[Stored records]
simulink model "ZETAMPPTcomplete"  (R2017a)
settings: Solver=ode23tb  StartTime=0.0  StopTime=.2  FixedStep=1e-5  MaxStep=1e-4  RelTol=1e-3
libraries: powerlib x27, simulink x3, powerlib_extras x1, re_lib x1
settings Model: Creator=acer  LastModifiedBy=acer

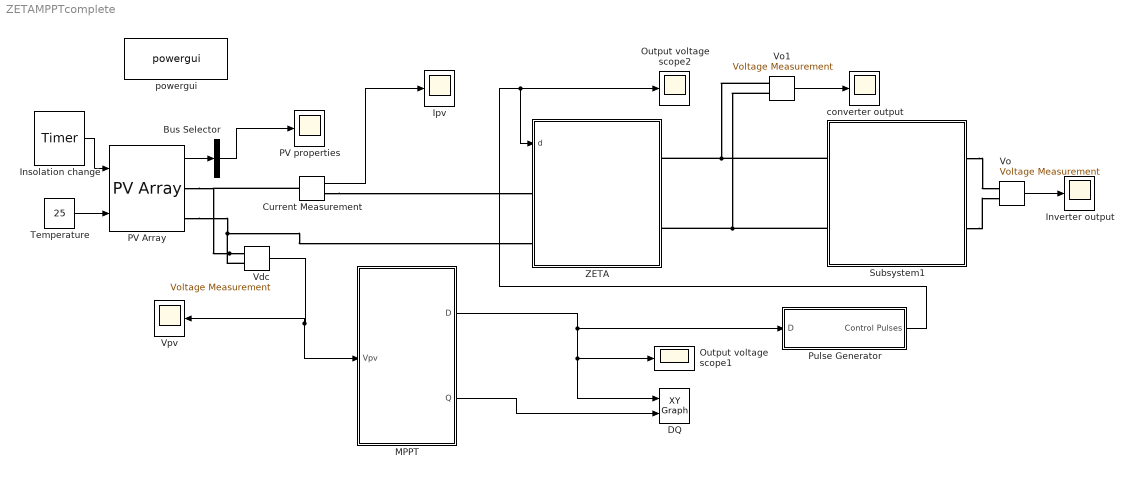
== system ZETAMPPTcomplete ==
  Bus Selector : BusSelector  OutputSignals=V_PV  OutputAsBus=on
  Current Measurement : powerlib/Measurements/Current Measurement  PhasorSimulation=off  OutputType=Complex  PSBequivalent=0
  DQ : simulink/Sinks/XY Graph  xmin=0  xmax=.1  ymin=0  ymax=.3  st=.0001
  Insolation change : powerlib_extras/Control  Blocks/Timer  t="[0  .1]"  e=[500 600]
  Inverter output : Scope
  Ipv : Scope
  MPPT : Subsystem
  Output voltage scope1 : Scope
  Output voltage scope2 : Scope
  PV Array : re_lib/Solar/PV Array  Npar=2  Nser=1  PlotType=one module @ 25 deg.C & specified irradiances  S_vec=[500 600]  Temp_C_vec="[ 45 25  ]"  ModuleName=User-defined  PlotWhenSelected=on  Pm=20.1544  Ncell=2  Voc=21.17  Isc=1.26  Vm=17.08  Im=1.18  beta_Voc_pc=-0.2941  alpha_Isc_pc=0.0681  beta_Voc=-0.062261  alpha_Isc=0.00085806  IL=1.2761  I0=3.4286e-12  nI=15.4858  Rsh=444.5152  Rs=1.4208  BAL=on  Tc=1e-6  Tfilter=2e-5
  PV properties : Scope
  Pulse Generator : Subsystem  mask{F=5e3}
      mask prompts: F "Carrier Frequency"
  Subsystem1 : Subsystem
  Temperature : Constant  Value=25  VectorParams1D=off  SampleTime=2e-5
  "Vdc " : powerlib/Measurements/Voltage Measurement  Tag=PoWeRsYsTeMmEaSuReMeNt  PhasorSimulation=off  OutputType=Magnitude  PSBequivalent=0
  Vo : powerlib/Measurements/Voltage Measurement  PhasorSimulation=off  OutputType=Complex  PSBequivalent=0
  Vo1 : powerlib/Measurements/Voltage Measurement  PhasorSimulation=off  OutputType=Complex  PSBequivalent=0
  Vpv : Scope
  ZETA : Subsystem
  converter output : Scope
  powergui : powerlib/powergui  Priority=1  SimulationMode=Discrete  SampleTime=50e-6  frequency=50  Iterations=50  frequencyindice=0  Pbase=100e6  ErrMax=1e-4  UnitsV=kV  UnitsW=MW  buscounter=0  FunctionMessages=off  echomessages=off  EnableUseOfTLC=off  CurrentSourceSwitches=off  DisableSnubberDevices=off  DisableRonSwitches=off  DisableVfSwitches=off  DisplayEquations=off  SolverType=Tustin/Backward Euler (TBE)  Interpol=off  ExternalGateDelay=off  methode=off  Ts=100  x0status=blocks  SPID=on  SwTol=0  HookPort=off  RestoreLinks=warning  ResistiveCurrentMeasurement=off  Frange=[0:2:500]  Ylog=off  Xlog=on  ShowGrid=off  save=off  variable=ZData  structure=inverterOutputMPPT  ZoomFFT=off  StartTime=0  cycles=10  DisplayStyle=1  fundamental=50  FreqAxis=off  MaxFrequency=1000  frequencyindicesteady=1  RmsSteady=1  display=off
  wires:
  Temperature/1 -> PV Array/2
  PV Array/1 -> Bus Selector/1
  Bus Selector/1 -> PV properties/1
  Insolation change/1 -> PV Array/1
  Current Measurement/1 -> Ipv/1
  Pulse Generator/1(Control Pulses) -> ZETA/1(d), Output voltage scope2/1
  "Vdc "/1 -> MPPT/1(Vpv), Vpv/1
  MPPT/2(Q) -> DQ/2
  MPPT/1(D) -> DQ/1, Output voltage scope1/1, Pulse Generator/1(D)
  Vo/1 -> Inverter output/1
  Vo1/1 -> converter output/1
  connections:
  "Vdc "/LConn1 -- PV Array/RConn1 -- Current Measurement/LConn1
  "Vdc "/LConn2 -- PV Array/RConn2 -- ZETA/LConn2
  Current Measurement/RConn1 -- ZETA/LConn1
  Subsystem1/LConn1 -- Vo1/LConn1 -- ZETA/RConn1
  Subsystem1/LConn2 -- Vo1/LConn2 -- ZETA/RConn2
  Subsystem1/RConn1 -- Vo/LConn1
  Subsystem1/RConn2 -- Vo/LConn2

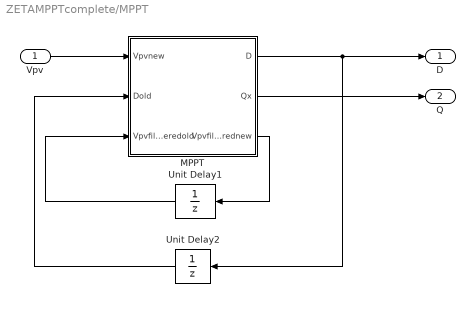
== system ZETAMPPTcomplete/MPPT ==
  Vpv : Inport
  MPPT : MATLAB Function  TreatAsAtomicUnit=on
  Unit Delay1 : UnitDelay  SampleTime=.0001
  Unit Delay2 : UnitDelay  SampleTime=.0001
  D : Outport
  Q : Outport  Port=2
  wires:
  MPPT/1(D) -> D/1, Unit Delay2/1
  Vpv/1 -> MPPT/1(Vpvnew)
  MPPT/2(Qx) -> Q/1
  Unit Delay2/1 -> MPPT/2(Dold)
  Unit Delay1/1 -> MPPT/3(Vpvfilteredold)
  MPPT/3(Vpvfilterednew) -> Unit Delay1/1

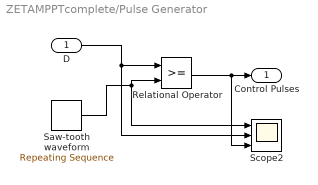
== system ZETAMPPTcomplete/Pulse Generator ==
  D : Inport
  Relational Operator : RelationalOperator  OutDataTypeStr=boolean  RndMeth=Nearest
  Saw-tooth waveform : simulink/Sources/Repeating Sequence  rep_seq_t=[0 0.5 1]/F  rep_seq_y=[0 1 0]
  Scope2 : Scope  NumInputPorts=3
  Control Pulses : Outport
  wires:
  Saw-tooth waveform/1 -> Relational Operator/2, Scope2/1
  Relational Operator/1 -> Scope2/3, Control Pulses/1
  D/1 -> Relational Operator/1, Scope2/2

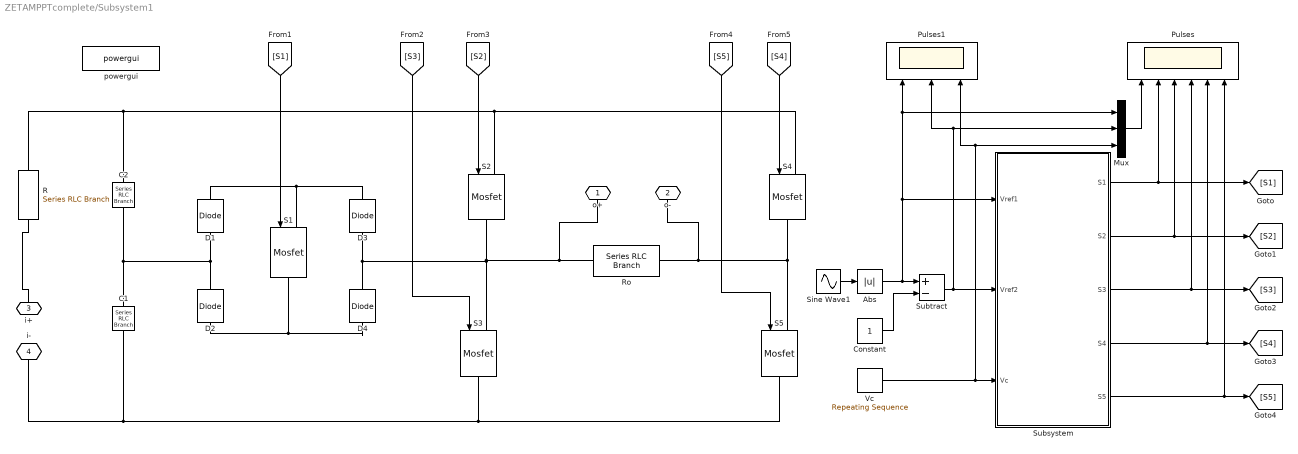
== system ZETAMPPTcomplete/Subsystem1 ==
  Abs : Abs
  C1 : powerlib/Elements/Series RLC Branch  LConnTagsString=__new0  RConnTagsString=__new0  BranchType=C  Resistance=100  Inductance=1e-3  SetiL0=off  InitialCurrent=0  Capacitance=2  Setx0=on  InitialVoltage=10  Measurements=None
  C2 : powerlib/Elements/Series RLC Branch  LConnTagsString=__new0  RConnTagsString=__new0  BranchType=C  Resistance=100  Inductance=1e-3  SetiL0=off  InitialCurrent=0  Capacitance=2  Setx0=on  InitialVoltage=10  Measurements=None
  Constant : Constant
  D{1..4} (4 alike) : powerlib/Power Electronics/Diode  Ron=0.001  Lon=0  Vf=.05  IC=0  UseSnubber=off  Rs=500  Cs=250e-9  Measurements=off
  Mux : Mux  Inputs=3
  Pulses : Scope  NumInputPorts=6
  Pulses1 : Scope  NumInputPorts=3
  R : powerlib/Elements/Series RLC Branch  LConnTagsString=__new0  RConnTagsString=__new0  BranchType=R  Resistance=1e-8  Inductance=1e-3  SetiL0=off  InitialCurrent=0  Capacitance=1e-6  Setx0=off  InitialVoltage=0  Measurements=None
  Ro : powerlib/Elements/Series RLC Branch  LConnTagsString=__new0  RConnTagsString=__new0  BranchType=R  Resistance=5  Inductance=1e-3  SetiL0=off  InitialCurrent=0  Capacitance=1e-6  Setx0=off  InitialVoltage=0  Measurements=None
  S{1..5} (5 alike) : powerlib/Power Electronics/Mosfet  Ron=0.1  Lon=0  Rd=0.01  Vfd=0  IC=0  Rs=1e5  Cs=inf  Measurements=off
  Sine Wave1 : Sin  Amplitude=2.5  Frequency=2*pi*50  SampleTime=0  VectorParams1D=off
  Subsystem : Subsystem
  Subtract : Sum  Inputs=+-
  Vc : simulink/Sources/Repeating Sequence  rep_seq_t="[0  1e-5 2e-5]"  rep_seq_y=[0 1 0]
  powergui : powerlib/powergui  Priority=1  SimulationMode=Continuous  SampleTime=1e-6  frequency=60  Iterations=50  frequencyindice=0  Pbase=100e6  ErrMax=1e-4  UnitsV=kV  UnitsW=MW  buscounter=0  FunctionMessages=off  echomessages=off  EnableUseOfTLC=off  CurrentSourceSwitches=off  DisableSnubberDevices=off  DisableRonSwitches=off  DisableVfSwitches=off  DisplayEquations=off  SolverType=Tustin/Backward Euler (TBE)  Interpol=off  ExternalGateDelay=off  methode=off  Ts=100  x0status=blocks  SPID=on  SwTol=0  HookPort=off  RestoreLinks=warning  ResistiveCurrentMeasurement=off  Frange=[0:2:500]  Ylog=off  Xlog=on  ShowGrid=off  save=off  variable=ZData  structure=outputVoltage  ZoomFFT=off  StartTime=0  cycles=10  DisplayStyle=3  fundamental=50  FreqAxis=off  MaxFrequency=1000  frequencyindicesteady=1  RmsSteady=1  display=off
  o+ : PMIOPort  Port=1  Side=Right
  o- : PMIOPort  Port=2  Side=Right
  i+ : PMIOPort  Port=3  Side=Left
  i- : PMIOPort  Port=4  Side=Left
  wires:
  Abs/1 -> Mux/1, Pulses1/1, Subsystem/1(Vref1), Subtract/1
  [S1] -> S1/1
  Subsystem/5(S5) -> [S5], Pulses/6
  Subsystem/4(S4) -> [S4], Pulses/5
  [S3] -> S3/1
  Sine Wave1/1 -> Abs/1
  Subsystem/2(S2) -> [S2], Pulses/3
  [S4] -> S4/1
  Subsystem/3(S3) -> [S3], Pulses/4
  [S2] -> S2/1
  Subsystem/1(S1) -> [S1], Pulses/2
  Subtract/1 -> Subsystem/2(Vref2), Pulses1/2, Mux/2
  Constant/1 -> Subtract/2
  Mux/1 -> Pulses/1
  Vc/1 -> Subsystem/3(Vc), Pulses1/3, Mux/3
  [S5] -> S5/1
  connections:
  S1/LConn1 -- D3/RConn1 -- D1/RConn1
  S4/LConn1 -- S2/LConn1 -- R/RConn1 -- C2/LConn1
  C1/RConn1 -- S3/RConn1 -- S5/RConn1 -- i-/RConn1
  Ro/LConn1 -- S2/RConn1 -- D3/LConn1 -- D4/RConn1 -- S3/LConn1 -- o+/RConn1
  Ro/RConn1 -- S4/RConn1 -- S5/LConn1 -- o-/RConn1
  S1/RConn1 -- D2/LConn1 -- D4/LConn1
  R/LConn1 -- i+/RConn1
  C2/RConn1 -- D2/RConn1 -- D1/LConn1 -- C1/LConn1

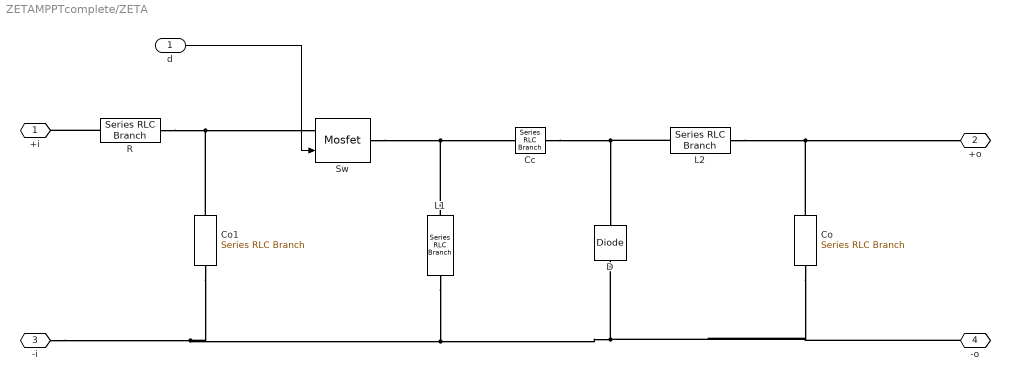
== system ZETAMPPTcomplete/ZETA ==
  d : Inport
  Cc : powerlib/Elements/Series RLC Branch  LConnTagsString=__new0  RConnTagsString=__new0  BranchType=C  Resistance=100  Inductance=1e-3  SetiL0=off  InitialCurrent=0  Capacitance=60e-6  Setx0=off  InitialVoltage=17  Measurements=None
  Co : powerlib/Elements/Series RLC Branch  LConnTagsString=__new0  RConnTagsString=__new0  BranchType=C  Resistance=1  Inductance=1e-3  SetiL0=off  InitialCurrent=0  Capacitance=1e-3  Setx0=on  InitialVoltage=20  Measurements=None
  Co1 : powerlib/Elements/Series RLC Branch  LConnTagsString=__new0  RConnTagsString=__new0  BranchType=C  Resistance=1  Inductance=1e-3  SetiL0=off  InitialCurrent=0  Capacitance=1e-3  Setx0=on  InitialVoltage=15  Measurements=None
  D : powerlib/Power Electronics/Diode  Ron=0.001  Lon=0  Vf=.05  IC=0  UseSnubber=off  Rs=500  Cs=250e-9  Measurements=off
  L1 : powerlib/Elements/Series RLC Branch  LConnTagsString=__new0  RConnTagsString=__new0  BranchType=L  Resistance=1  Inductance=300e-6  SetiL0=off  InitialCurrent=1  Capacitance=1e-6  Setx0=off  InitialVoltage=0  Measurements=None
  L2 : powerlib/Elements/Series RLC Branch  LConnTagsString=__new0  RConnTagsString=__new0  BranchType=L  Resistance=1  Inductance=300e-6  SetiL0=off  InitialCurrent=1  Capacitance=1e-6  Setx0=off  InitialVoltage=0  Measurements=None
  R : powerlib/Elements/Series RLC Branch  LConnTagsString=__new0  RConnTagsString=__new0  BranchType=R  Resistance=1e-12  Inductance=1e-3  SetiL0=off  InitialCurrent=0  Capacitance=1e-6  Setx0=off  InitialVoltage=0  Measurements=None
  Sw : powerlib/Power Electronics/Mosfet  Ron=0.1  Lon=0  Rd=0.01  Vfd=0  IC=0  Rs=1e5  Cs=inf  Measurements=off
  +i : PMIOPort  Port=1  Side=Left
  +o : PMIOPort  Port=2  Side=Right
  -i : PMIOPort  Port=3  Side=Left
  -o : PMIOPort  Port=4  Side=Right
  wires:
  d/1 -> Sw/1
  connections:
  -i/RConn1 -- L1/RConn1 -- D/LConn1 -- Co/RConn1 -- -o/RConn1 -- Co1/RConn1
  Co1/LConn1 -- Sw/LConn1 -- R/RConn1
  Sw/RConn1 -- L1/LConn1 -- Cc/LConn1
  Co/LConn1 -- +o/RConn1 -- L2/RConn1
  Cc/RConn1 -- L2/LConn1 -- D/RConn1
  R/LConn1 -- +i/RConn1

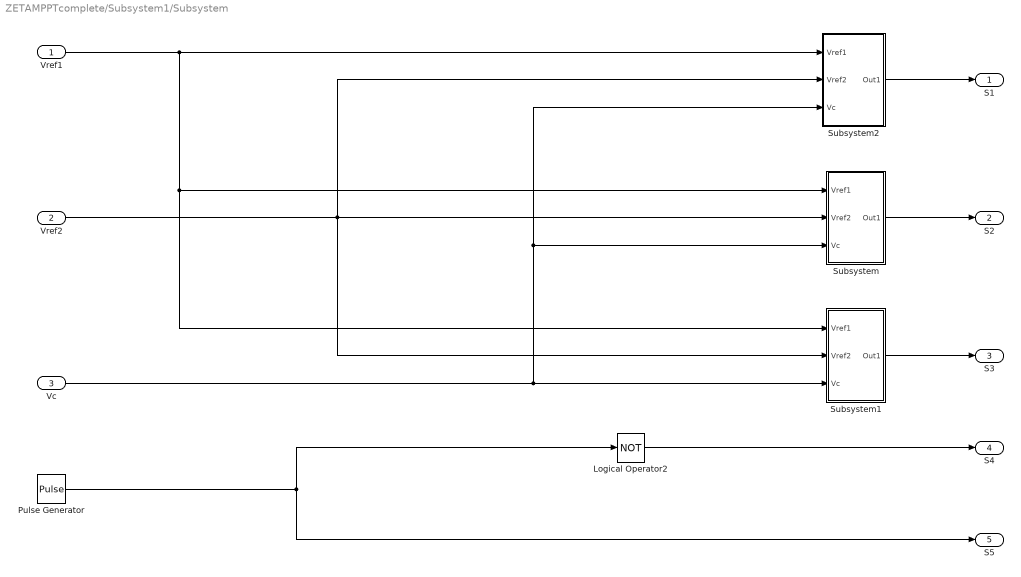
== system ZETAMPPTcomplete/Subsystem1/Subsystem ==
  Vref1 : Inport
  Vref2 : Inport  Port=2
  Vc : Inport  Port=3
  Logical Operator2 : Logic  Operator=NOT  AllPortsSameDT=off  OutDataTypeStr=boolean
  Pulse Generator : DiscretePulseGenerator  PulseType=Time based  Period=.02  PulseWidth=50
  Subsystem : Subsystem
  Subsystem1 : Subsystem
  Subsystem2 : Subsystem
  S1 : Outport
  S2 : Outport  Port=2
  S3 : Outport  Port=3
  S4 : Outport  Port=4
  S5 : Outport  Port=5
  wires:
  Subsystem1/1(Out1) -> S3/1
  Pulse Generator/1 -> Logical Operator2/1, S5/1
  Logical Operator2/1 -> S4/1
  Subsystem/1(Out1) -> S2/1
  Subsystem2/1(Out1) -> S1/1
  Vref1/1 -> Subsystem1/1(Vref1), Subsystem/1(Vref1), Subsystem2/1(Vref1)
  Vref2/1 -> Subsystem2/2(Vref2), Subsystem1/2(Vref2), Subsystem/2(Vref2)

> **WHAT TO PRODUCE**:
Go back to the lines above and output, exactly as they stand, the ones from the line containing "Subsystem/2(S2) -> [S2], Pulses/3" to the line containing "Co1 : powerlib/Elements/Series". Leave all pictures behind.

> **SOLUTION TO THE EXERCISE**:
  Subsystem/2(S2) -> [S2], Pulses/3
  [S4] -> S4/1
  Subsystem/3(S3) -> [S3], Pulses/4
  [S2] -> S2/1
  Subsystem/1(S1) -> [S1], Pulses/2
  Subtract/1 -> Subsystem/2(Vref2), Pulses1/2, Mux/2
  Constant/1 -> Subtract/2
  Mux/1 -> Pulses/1
  Vc/1 -> Subsystem/3(Vc), Pulses1/3, Mux/3
  [S5] -> S5/1
  connections:
  S1/LConn1 -- D3/RConn1 -- D1/RConn1
  S4/LConn1 -- S2/LConn1 -- R/RConn1 -- C2/LConn1
  C1/RConn1 -- S3/RConn1 -- S5/RConn1 -- i-/RConn1
  Ro/LConn1 -- S2/RConn1 -- D3/LConn1 -- D4/RConn1 -- S3/LConn1 -- o+/RConn1
  Ro/RConn1 -- S4/RConn1 -- S5/LConn1 -- o-/RConn1
  S1/RConn1 -- D2/LConn1 -- D4/LConn1
  R/LConn1 -- i+/RConn1
  C2/RConn1 -- D2/RConn1 -- D1/LConn1 -- C1/LConn1

== system ZETAMPPTcomplete/ZETA ==
  d : Inport
  Cc : powerlib/Elements/Series RLC Branch  LConnTagsString=__new0  RConnTagsString=__new0  BranchType=C  Resistance=100  Inductance=1e-3  SetiL0=off  InitialCurrent=0  Capacitance=60e-6  Setx0=off  InitialVoltage=17  Measurements=None
  Co : powerlib/Elements/Series RLC Branch  LConnTagsString=__new0  RConnTagsString=__new0  BranchType=C  Resistance=1  Inductance=1e-3  SetiL0=off  InitialCurrent=0  Capacitance=1e-3  Setx0=on  InitialVoltage=20  Measurements=None
  Co1 : powerlib/Elements/Series RLC Branch  LConnTagsString=__new0  RConnTagsString=__new0  BranchType=C  Resistance=1  Inductance=1e-3  SetiL0=off  InitialCurrent=0  Capacitance=1e-3  Setx0=on  InitialVoltage=15  Measurements=None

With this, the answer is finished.